• What is required
Would you please transcribe, exactly as written, the lines of the entries below starting at the one that holds "mask Display: image('driverlatlongshift.png');" and ending at the one that holds "mask Help: eval('vdynblkshelp(''vdynblksformula'')');", both included?

---+---

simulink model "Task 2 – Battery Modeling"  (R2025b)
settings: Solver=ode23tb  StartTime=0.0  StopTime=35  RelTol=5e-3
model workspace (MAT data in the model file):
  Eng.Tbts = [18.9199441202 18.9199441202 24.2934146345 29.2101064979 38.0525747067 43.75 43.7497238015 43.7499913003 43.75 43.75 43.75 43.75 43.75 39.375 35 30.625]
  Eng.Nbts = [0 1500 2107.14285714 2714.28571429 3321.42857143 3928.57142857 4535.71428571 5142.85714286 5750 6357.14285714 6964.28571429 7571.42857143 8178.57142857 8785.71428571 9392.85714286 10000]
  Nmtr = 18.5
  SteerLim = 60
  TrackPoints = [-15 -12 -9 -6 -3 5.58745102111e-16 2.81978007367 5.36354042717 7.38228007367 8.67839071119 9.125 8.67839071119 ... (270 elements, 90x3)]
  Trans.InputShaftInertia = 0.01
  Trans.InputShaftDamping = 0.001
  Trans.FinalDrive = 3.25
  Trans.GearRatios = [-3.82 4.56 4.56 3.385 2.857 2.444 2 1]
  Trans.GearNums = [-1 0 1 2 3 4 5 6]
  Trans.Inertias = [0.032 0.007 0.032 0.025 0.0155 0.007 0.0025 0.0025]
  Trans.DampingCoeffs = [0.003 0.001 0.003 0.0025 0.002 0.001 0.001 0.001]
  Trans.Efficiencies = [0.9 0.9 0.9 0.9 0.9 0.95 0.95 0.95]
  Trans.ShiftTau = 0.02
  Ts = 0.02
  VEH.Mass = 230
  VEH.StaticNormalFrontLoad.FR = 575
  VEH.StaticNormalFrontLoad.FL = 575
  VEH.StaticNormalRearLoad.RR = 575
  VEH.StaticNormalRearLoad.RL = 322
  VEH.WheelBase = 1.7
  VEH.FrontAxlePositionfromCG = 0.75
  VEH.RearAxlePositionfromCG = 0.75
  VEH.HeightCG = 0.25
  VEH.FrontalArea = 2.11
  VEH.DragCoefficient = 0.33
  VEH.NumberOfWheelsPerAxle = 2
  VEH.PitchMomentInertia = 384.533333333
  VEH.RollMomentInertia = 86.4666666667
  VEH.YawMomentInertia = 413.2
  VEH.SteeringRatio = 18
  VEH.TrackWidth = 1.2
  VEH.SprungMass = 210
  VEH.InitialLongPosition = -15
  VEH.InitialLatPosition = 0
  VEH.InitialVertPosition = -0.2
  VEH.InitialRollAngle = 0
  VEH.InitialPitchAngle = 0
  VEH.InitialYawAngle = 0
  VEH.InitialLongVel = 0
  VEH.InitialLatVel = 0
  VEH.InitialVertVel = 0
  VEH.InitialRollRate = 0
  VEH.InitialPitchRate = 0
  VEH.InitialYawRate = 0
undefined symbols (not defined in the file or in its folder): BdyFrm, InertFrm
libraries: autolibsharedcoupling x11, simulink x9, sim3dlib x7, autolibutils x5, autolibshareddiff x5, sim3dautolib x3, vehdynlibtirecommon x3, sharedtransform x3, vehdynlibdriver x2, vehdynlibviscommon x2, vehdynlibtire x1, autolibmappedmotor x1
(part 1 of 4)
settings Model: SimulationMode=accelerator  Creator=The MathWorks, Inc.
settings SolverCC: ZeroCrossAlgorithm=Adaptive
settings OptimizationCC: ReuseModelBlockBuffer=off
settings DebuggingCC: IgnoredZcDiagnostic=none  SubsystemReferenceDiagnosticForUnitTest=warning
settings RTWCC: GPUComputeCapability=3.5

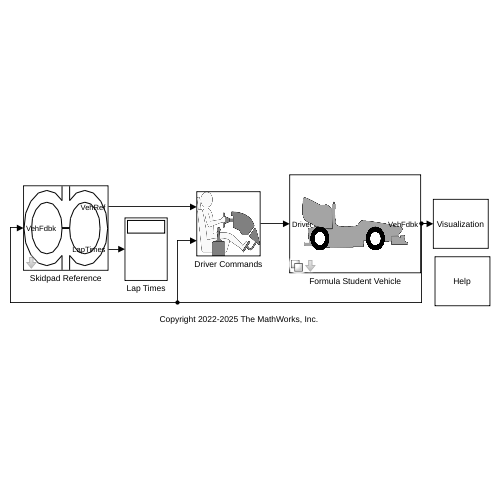
[thumbnail: Simulink's stored preview of the top-level diagram]
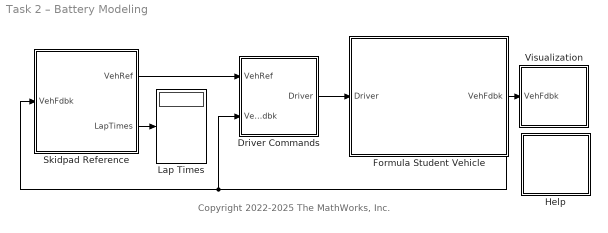
== system Task 2 – Battery Modeling ==
  note: Copyright 2022-2025 The MathWorks, Inc.
  Driver Commands : Subsystem  VariantControl=0
      mask Display: image('driverlatlongshift.png');
  Formula Student Vehicle : Subsystem  Variant=on  VariantControl=Choice  mask(Vehicle Setup){vehType=Simulink Physics}
      mask prompts: vehType "Vehicle Type:"
      mask help:
      | Choose a vehicle with powertrain and vehicle physics from Simulink blocks or one that uses a game engine physics.
      | The model will automatically configure the subsystems and settings to accomodate your choice.
      mask Help: eval('vdynblkshelp(''vdynblksformula'')');
      mask TypeOptions vehType: Game Engine Physics | Simulink Physics
      mask Callback vehType:
      | if strcmp(get_param(gcb,"vehType"),"Game Engine Physics")
      |     set_param([bdroot(gcs) '/Visualization/3D Visualization'],'engine3D','Enabled - Game Physics Vehicle')
      | else
      |     if strcmp(get_param([bdroot(gcs) '/Visualization/3D Visualization'],'engine3D'),'Enabled - Game Physics Vehicle')
      |         set_param([bdroot(gcs) '/Visualization/3D Visualization'],'engine3D','Enabled - Simulink 3D Vehicle')
      |     end
      | end
      mask Display: image('$imagefile'); % Use "Edit Image" on toolstrip to change.
  Help : Subsystem
      settings: OpenFcn=eval('vdynblkshelp(''vdynblksformula'')');
      mask Display: disp('Help')
  Lap Times : Display
  Skidpad Reference : Subsystem
      mask Display:
      | entryWidth = 3.453;
      | hOffset = 40;
      | vOffset = 15;
      | offset = [40,15];
      | entryConesLocR = [entryWidth/2 -12; entryWidth/2 -7.939];
      | entryConesLocL = [-entryWidth/2 -12;-entryWidth/2 -7.939];
      | plot(entryConesLocR(:,1)+hOffset,entryConesLocR(:,2)+vOffset);
      | plot(entryConesLocL(:,1)+hOffset,entryConesLocL(:,2)+vOffset);
      | 
      | rightInnerRingLoc = [entryWidth/2 0;...%1
      |                   4.58/2 -2.834;...%2
      |                   7.787/2 -5.231;...%3
      |                   12.588/2 -6.835;...%4
      |                   18.25/2 -7.398;...%5
      |                   23.912/2 -6.835;...%6
      |                   28.713/2 -5.231;...%7
      |                   31.92/2 -2.834;...%8
      |                   33.047/2 0;...%9
      |                   31.92/2 2.834;...%10
      |                   28.713/2 5.231;...%11
      |                   23.912/2 6.835;...%12
      |                   18.25/2 7.398;...%13
      |                   12.588/2 6.835;...%14
      |                   7.787/2 5.231;...%15
      |                   4.58/2 2.834;...%16
      |                   entryWidth/2 0;];
      | plot(rightInnerRingLoc(:,1)+hOffset,rightInnerRingLoc(:,2)+vOffset);
      | 
      | leftInnerRingLoc = rightInnerRingLoc.*[-1 1];
      | plot(leftInnerRingLoc(:,1)+hOffset,leftInnerRingLoc(:,2)+vOffset);
      | 
      | rightOutterRingLoc = [entryWidth/2 7.939;...
      |                       9.945/2 10.026;...
      |                       18.25/2 10.852;...
      |                       26.555/2 10.026;...
      |                       33.596/2 7.673;...
      |                       38.301/2 4.153;...
      |                       39.953/2 0;...
      |                       38.301/2 -4.153;...
      |                       33.596/2 -7.673;...
      |                       26.555/2 -10.026;...
      |                       18.25/2 -10.852;...
      |                       9.945/2 -10.026;...
      |                       entryWidth/2 -7.939];
      | plot(rightOutterRingLoc(:,1)+hOffset,rightOutterRingLoc(:,2)+vOffset);
      | leftOutterRingLoc = rightOutterRingLoc.*[-1 1];
      | plot(leftOutterRingLoc(:,1)+hOffset,leftOutterRingLoc(:,2)+vOffset);
      | exitConesLocL = entryConesLocL.*[1 -1];
      | exitConesLocR = entryConesLocR.*[1 -1];
      | plot(exitConesLocL(:,1)+hOffset,exitConesLocL(:,2)+vOffset);
      | plot(exitConesLocR(:,1)+hOffset,exitConesLocR(:,2)+vOffset);
      | plot([-1 1].*entryWidth/2+hOffset,[.1 .1]+vOffset)
      | plot([-1 1].*entryWidth/2+hOffset,[-.1 -.1]+vOffset)
  Visualization : Subsystem
      mask Display: disp('Visualization')
  wires:
  Driver Commands/1(Driver) -> Formula Student Vehicle/1(Driver)
  Skidpad Reference/1(VehRef) -> Driver Commands/1(VehRef)
  Formula Student Vehicle/1(VehFdbk) -> Driver Commands/2(VehFdbk), Skidpad Reference/1(VehFdbk), Visualization/1(VehFdbk)
  Skidpad Reference/2(LapTimes) -> Lap Times/1

== system Task 2 – Battery Modeling/Driver Commands ==
  VehRef : Inport
  VehFdbk : Inport  Port=2
  Bus Creator2 : BusCreator  Inputs=6
  Bus Selector3 : BusSelector  OutputSignals=VehFdbk.BdyFrm.Cg.Vel.xdot,VehFdbk.InertFrm.Cg.Disp.X,VehFdbk.InertFrm.Cg.Disp.Y,VehFdbk.InertFrm.Cg.Ang.psi,VehFdbk.BdyFrm.Cg.AngVel.r
  Bus Selector4 : BusSelector  OutputSignals=LngRef,PoseRef,EnblSteerCmd,SteerOvrCmd,SteerHld,SteerZero,EnblAccelOvr,AccelOvrCmd,AccelHld,AccelZero,EnblDecelCmd,DecelOvrCmd,DecelHld,DecelZero,CurvRef
  Constant1 : Constant  Value=0
  Ground1 : Ground
  Linear Predictive Driver : vehdynlibdriver/Predictive Driver  extAccelOvr=on  extDecelOvr=on  extAccelHld=on  extDecelHld=on  extAccelZero=on  extDecelZero=on  extSteerOvr=on  extSteerHld=on  extSteerZero=on  cntrlType=Predictive  cntrlTypeLat=Stanley  shftType=Scheduled  coordMode=SAE J670 (Z-down)  refType=Reference pose  velUnits=km/h  angUnits=rad  gearOut=on  steerOut=off  Kp=3  Ki=1  Kff=1  Kg=0  VehVelVec=[0 100]  KffVec=[.1 .1]  KpVec=[10 10]  KiVec=[5 5]  KgVec=[0 0]  vnom=5  Kaw=1  tauerr=.075  tau=.1  L=6  Kpt=8000  aR=200  bR=2.5  cR=.5  g=9.81  vecPose=on  dynamMode=on  PositionGainF=2.5  PositionGainR=.5  YawRateGain=.1  DelayGain=.01  enableDrift=off  BetaRef=10  KpBeta=1  KpDrift=1  KdDrift=1  KpPsi=1  KOmega=.1  tOmega=.1  a=VEH.FrontAxlePositionfromCG  b=VEH.RearAxlePositionfromCG  m=VEH.Mass  Cy_f=75000  Cy_r=70000  I=VEH.YawMomentInertia  Ksteer=1  theta=SteerLim*pi/180  Idl=1  Re=.3  lambda_mu=1  GearInit=0  tShift=.1  pdlVec=[0.1 0.4 0.5 0.9]  upShftTbl=[-1 12.9375 26.4375 39.9375 51.18749999999999 62.4375 72.84375 83.25;-1 16.3125 29.8125 43.3125 54.5624 65.8125 76.78125 87.75;-1 19.6875 33.1875 46.68749999999999 57.9375 69.1875 80.71875 92.25;-1 33 52.5 77.25 100.5 138.75 161.875 185]./2  dwnShftTbl=[-1 12.9375 26.4375 39.9375 51.18749999999999 62.4375 72.84375 83.25;-1 16.3125 29.8125 43.3125 54.5624 65.8125 76.78125 87.75;-1 19.6875 33.1875 46.68749999999999 57.9375 69.1875 80.71875 92.25;-1 33 52.5 77.25 100.5 138.75 161.875 185]./4  tClutch=.1  tRev=.5  tPark=120  UpGearVec="[0  1  2  3  4  5  6  7]"  DownGearVec="[1  2  3  4  5  6  7  8]"  aMode=2
  Mux1 : Mux  Inputs=3
  Mux2 : Mux  Inputs=2
  Selector1 : Selector  InputPortWidth=3  IndexOptions=Index vector (dialog)  Indices=[1 2]  OutputSizes=1
  Subsystem : Subsystem
  Terminator1 : Terminator
  Unit Conversion : UnitConversion
  Driver : Outport  VectorParamsAs1DForOutWhenUnconnected=off
  wires:
  Linear Predictive Driver/4 -> Bus Creator2/3, Subsystem/1(DecelCmd)  "DecelCmd"
  Linear Predictive Driver/2 -> Bus Creator2/1  "SteerCmd"
  Bus Creator2/1 -> Driver/1
  Linear Predictive Driver/3 -> Bus Creator2/2  "AccelCmd"
  Linear Predictive Driver/5 -> Subsystem/2(GearCmd), Bus Creator2/4  "GearCmd"
  Bus Selector4/9 -> Linear Predictive Driver/9  "<AccelHld>"
  Ground1/1 -> Linear Predictive Driver/15
  Bus Selector3/1 -> Unit Conversion/1  "<xdot>"
  Bus Selector4/13 -> Linear Predictive Driver/13  "<DecelHld>"
  Bus Selector4/14 -> Linear Predictive Driver/14  "<DecelZero>"
  Bus Selector4/7 -> Linear Predictive Driver/7  "<EnblAccelOvr>"
  Bus Selector4/11 -> Linear Predictive Driver/11  "<EnblDecelCmd>"
  Bus Selector4/1 -> Linear Predictive Driver/1  "<LngRef>"
  Bus Selector4/12 -> Linear Predictive Driver/12  "<DecelOvrCmd>"
  Bus Selector4/8 -> Linear Predictive Driver/8  "<AccelOvrCmd>"
  Bus Selector4/4 -> Linear Predictive Driver/4  "<SteerOvrCmd>"
  Bus Selector4/10 -> Linear Predictive Driver/10  "<AccelZero>"
  Bus Selector4/5 -> Linear Predictive Driver/5  "<SteerHld>"
  Bus Selector4/6 -> Linear Predictive Driver/6  "<SteerZero>"
  Bus Selector4/3 -> Linear Predictive Driver/3  "<EnblSteerCmd>"
  Linear Predictive Driver/1 -> Terminator1/1
  VehFdbk/1 -> Bus Selector3/1
  VehRef/1 -> Bus Selector4/1
  Bus Selector3/4 -> Mux1/3  "<psi>"
  Bus Selector3/2 -> Mux1/1  "<X>"
  Bus Selector3/3 -> Mux1/2  "<Y>"
  Subsystem/1(Light controls) -> Bus Creator2/5  "Light controls"
  Bus Selector4/2 -> [PoseRef], Linear Predictive Driver/2  "<PoseRef>"
  Mux1/1 -> Linear Predictive Driver/18  "Ref"
  Selector1/1 -> Mux2/1
  [PoseRef] -> Selector1/1
  Constant1/1 -> Mux2/2
  Mux2/1 -> Bus Creator2/6  "Ref"
  Unit Conversion/1 -> Linear Predictive Driver/17
  Bus Selector4/15 -> Linear Predictive Driver/16  "<CurvRef>"
  Bus Selector3/5 -> Linear Predictive Driver/19  "<r>"

== system Task 2 – Battery Modeling/Formula Student Vehicle ==
  Driver : Inport
  Game Engine Physics : Subsystem  VariantControl=vehType==1
  Simulink Physics - 7DOF : Subsystem  VariantControl=vehType==2
  VehFdbk : Outport

== system Task 2 – Battery Modeling/Help ==

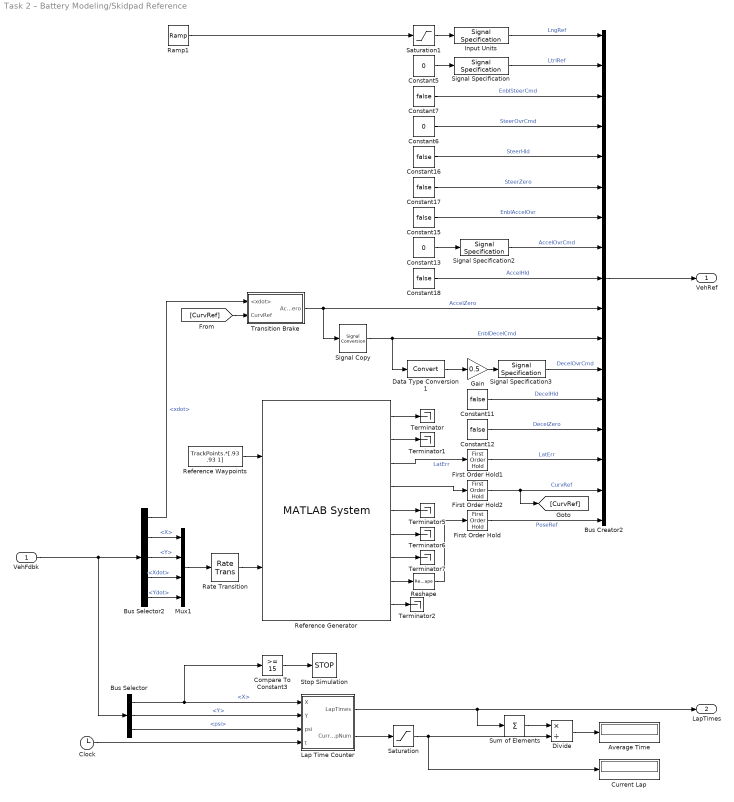
== system Task 2 – Battery Modeling/Skidpad Reference ==
  VehFdbk : Inport
  Average Time : Display
  Bus Creator2 : BusCreator  Inputs=17
  Bus Selector : BusSelector  OutputSignals=VehFdbk.InertFrm.Cg.Disp.X,VehFdbk.InertFrm.Cg.Disp.Y,VehFdbk.InertFrm.Cg.Ang.psi
  Bus Selector2 : BusSelector  OutputSignals=VehFdbk.BdyFrm.Cg.Vel.xdot,VehFdbk.InertFrm.Cg.Disp.X,VehFdbk.InertFrm.Cg.Disp.Y,VehFdbk.InertFrm.Cg.Vel.Xdot,VehFdbk.InertFrm.Cg.Vel.Ydot
  Clock : Clock
  Compare To Constant3 : simulink/Logic and Bit Operations/Compare To Constant  relop=>=  const=15  OutDataTypeStr=boolean  ZeroCross=off
  Constant{11..12,15..18} (6 alike) : Constant  Value=false
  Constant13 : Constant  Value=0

---+---

• Your solution
      mask Display: image('driverlatlongshift.png');
  Formula Student Vehicle : Subsystem  Variant=on  VariantControl=Choice  mask(Vehicle Setup){vehType=Simulink Physics}
      mask prompts: vehType "Vehicle Type:"
      mask help:
      | Choose a vehicle with powertrain and vehicle physics from Simulink blocks or one that uses a game engine physics.
      | The model will automatically configure the subsystems and settings to accomodate your choice.
      mask Help: eval('vdynblkshelp(''vdynblksformula'')');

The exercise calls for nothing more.